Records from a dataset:
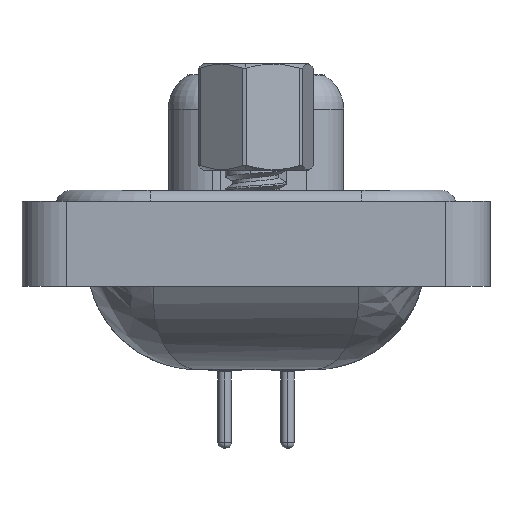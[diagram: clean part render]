
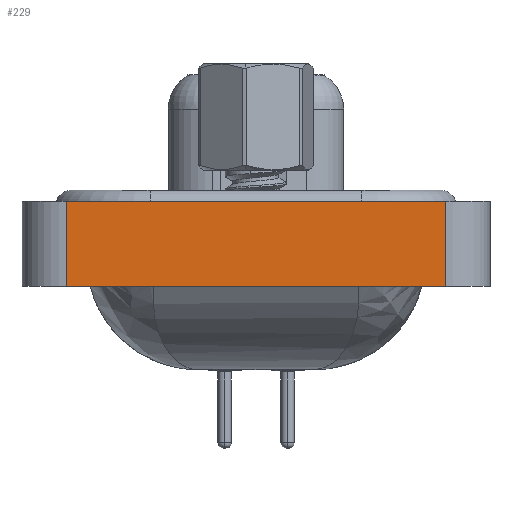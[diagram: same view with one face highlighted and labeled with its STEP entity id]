
A CAD part, left-side view. The second image highlights one B-rep face of the part: STEP entity #229.
In plain terms, the highlighted planar face has unit normal (-1, 0, 0).
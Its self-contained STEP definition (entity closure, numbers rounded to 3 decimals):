
#229 = ADVANCED_FACE ( 'NONE', ( #3063 ), #1255, .T. ) ;
#583 = ORIENTED_EDGE ( 'NONE', *, *, #6844, .T. ) ;
#1255 = PLANE ( 'NONE',  #1635 ) ;
#1635 = AXIS2_PLACEMENT_3D ( 'NONE', #23409, #10389, #8767 ) ;
#1773 = CARTESIAN_POINT ( 'NONE',  ( -7.35, -8.55, 0.5 ) ) ;
#2366 = EDGE_CURVE ( 'NONE', #11645, #14534, #20365, .T. ) ;
#2697 = VECTOR ( 'NONE', #17636, 1000. ) ;
#3063 = FACE_OUTER_BOUND ( 'NONE', #5563, .T. ) ;
#3627 = LINE ( 'NONE', #1773, #23991 ) ;
#5563 = EDGE_LOOP ( 'NONE', ( #22898, #15993, #17656, #583 ) ) ;
#5742 = CARTESIAN_POINT ( 'NONE',  ( -7.35, 8.55, 0.5 ) ) ;
#6490 = CARTESIAN_POINT ( 'NONE',  ( -7.35, 8.55, -3.35 ) ) ;
#6844 = EDGE_CURVE ( 'NONE', #23361, #11645, #21192, .T. ) ;
#7076 = DIRECTION ( 'NONE',  ( 0., -1., 0. ) ) ;
#8767 = DIRECTION ( 'NONE',  ( 0., 0., 1. ) ) ;
#10389 = DIRECTION ( 'NONE',  ( -1., 0., 0. ) ) ;
#11183 = EDGE_CURVE ( 'NONE', #23361, #23555, #17479, .T. ) ;
#11645 = VERTEX_POINT ( 'NONE', #21107 ) ;
#12010 = CARTESIAN_POINT ( 'NONE',  ( -7.35, -8.55, -3.35 ) ) ;
#13230 = EDGE_CURVE ( 'NONE', #23555, #14534, #3627, .T. ) ;
#14534 = VERTEX_POINT ( 'NONE', #19686 ) ;
#14852 = CARTESIAN_POINT ( 'NONE',  ( -7.35, -8.55, -3.35 ) ) ;
#15993 = ORIENTED_EDGE ( 'NONE', *, *, #13230, .F. ) ;
#17479 = LINE ( 'NONE', #6490, #21798 ) ;
#17636 = DIRECTION ( 'NONE',  ( 0., -1., 0. ) ) ;
#17656 = ORIENTED_EDGE ( 'NONE', *, *, #11183, .F. ) ;
#17832 = DIRECTION ( 'NONE',  ( 0., 0., 1. ) ) ;
#18390 = DIRECTION ( 'NONE',  ( 0., 0., 1. ) ) ;
#19686 = CARTESIAN_POINT ( 'NONE',  ( -7.35, -8.55, 0.5 ) ) ;
#20365 = LINE ( 'NONE', #14852, #22488 ) ;
#21107 = CARTESIAN_POINT ( 'NONE',  ( -7.35, -8.55, -3.35 ) ) ;
#21192 = LINE ( 'NONE', #12010, #2697 ) ;
#21798 = VECTOR ( 'NONE', #17832, 1000. ) ;
#22153 = CARTESIAN_POINT ( 'NONE',  ( -7.35, 8.55, -3.35 ) ) ;
#22488 = VECTOR ( 'NONE', #18390, 1000. ) ;
#22898 = ORIENTED_EDGE ( 'NONE', *, *, #2366, .T. ) ;
#23361 = VERTEX_POINT ( 'NONE', #22153 ) ;
#23409 = CARTESIAN_POINT ( 'NONE',  ( -7.35, -8.55, -3.35 ) ) ;
#23555 = VERTEX_POINT ( 'NONE', #5742 ) ;
#23991 = VECTOR ( 'NONE', #7076, 1000. ) ;

**Instructions to follow:**
Print every entry word for word; omit the pictures.

**Exercise output:**
[diagram: clean part render]
[diagram: same view with one face highlighted and labeled with its STEP entity id]
A CAD part, left-side view. The second image highlights one B-rep face of the part: STEP entity #229.
In plain terms, the highlighted planar face has unit normal (-1, 0, 0).
Its self-contained STEP definition (entity closure, numbers rounded to 3 decimals):
#229 = ADVANCED_FACE ( 'NONE', ( #3063 ), #1255, .T. ) ;
#583 = ORIENTED_EDGE ( 'NONE', *, *, #6844, .T. ) ;
#1255 = PLANE ( 'NONE',  #1635 ) ;
#1635 = AXIS2_PLACEMENT_3D ( 'NONE', #23409, #10389, #8767 ) ;
#1773 = CARTESIAN_POINT ( 'NONE',  ( -7.35, -8.55, 0.5 ) ) ;
#2366 = EDGE_CURVE ( 'NONE', #11645, #14534, #20365, .T. ) ;
#2697 = VECTOR ( 'NONE', #17636, 1000. ) ;
#3063 = FACE_OUTER_BOUND ( 'NONE', #5563, .T. ) ;
#3627 = LINE ( 'NONE', #1773, #23991 ) ;
#5563 = EDGE_LOOP ( 'NONE', ( #22898, #15993, #17656, #583 ) ) ;
#5742 = CARTESIAN_POINT ( 'NONE',  ( -7.35, 8.55, 0.5 ) ) ;
#6490 = CARTESIAN_POINT ( 'NONE',  ( -7.35, 8.55, -3.35 ) ) ;
#6844 = EDGE_CURVE ( 'NONE', #23361, #11645, #21192, .T. ) ;
#7076 = DIRECTION ( 'NONE',  ( 0., -1., 0. ) ) ;
#8767 = DIRECTION ( 'NONE',  ( 0., 0., 1. ) ) ;
#10389 = DIRECTION ( 'NONE',  ( -1., 0., 0. ) ) ;
#11183 = EDGE_CURVE ( 'NONE', #23361, #23555, #17479, .T. ) ;
#11645 = VERTEX_POINT ( 'NONE', #21107 ) ;
#12010 = CARTESIAN_POINT ( 'NONE',  ( -7.35, -8.55, -3.35 ) ) ;
#13230 = EDGE_CURVE ( 'NONE', #23555, #14534, #3627, .T. ) ;
#14534 = VERTEX_POINT ( 'NONE', #19686 ) ;
#14852 = CARTESIAN_POINT ( 'NONE',  ( -7.35, -8.55, -3.35 ) ) ;
#15993 = ORIENTED_EDGE ( 'NONE', *, *, #13230, .F. ) ;
#17479 = LINE ( 'NONE', #6490, #21798 ) ;
#17636 = DIRECTION ( 'NONE',  ( 0., -1., 0. ) ) ;
#17656 = ORIENTED_EDGE ( 'NONE', *, *, #11183, .F. ) ;
#17832 = DIRECTION ( 'NONE',  ( 0., 0., 1. ) ) ;
#18390 = DIRECTION ( 'NONE',  ( 0., 0., 1. ) ) ;
#19686 = CARTESIAN_POINT ( 'NONE',  ( -7.35, -8.55, 0.5 ) ) ;
#20365 = LINE ( 'NONE', #14852, #22488 ) ;
#21107 = CARTESIAN_POINT ( 'NONE',  ( -7.35, -8.55, -3.35 ) ) ;
#21192 = LINE ( 'NONE', #12010, #2697 ) ;
#21798 = VECTOR ( 'NONE', #17832, 1000. ) ;
#22153 = CARTESIAN_POINT ( 'NONE',  ( -7.35, 8.55, -3.35 ) ) ;
#22488 = VECTOR ( 'NONE', #18390, 1000. ) ;
#22898 = ORIENTED_EDGE ( 'NONE', *, *, #2366, .T. ) ;
#23361 = VERTEX_POINT ( 'NONE', #22153 ) ;
#23409 = CARTESIAN_POINT ( 'NONE',  ( -7.35, -8.55, -3.35 ) ) ;
#23555 = VERTEX_POINT ( 'NONE', #5742 ) ;
#23991 = VECTOR ( 'NONE', #7076, 1000. ) ;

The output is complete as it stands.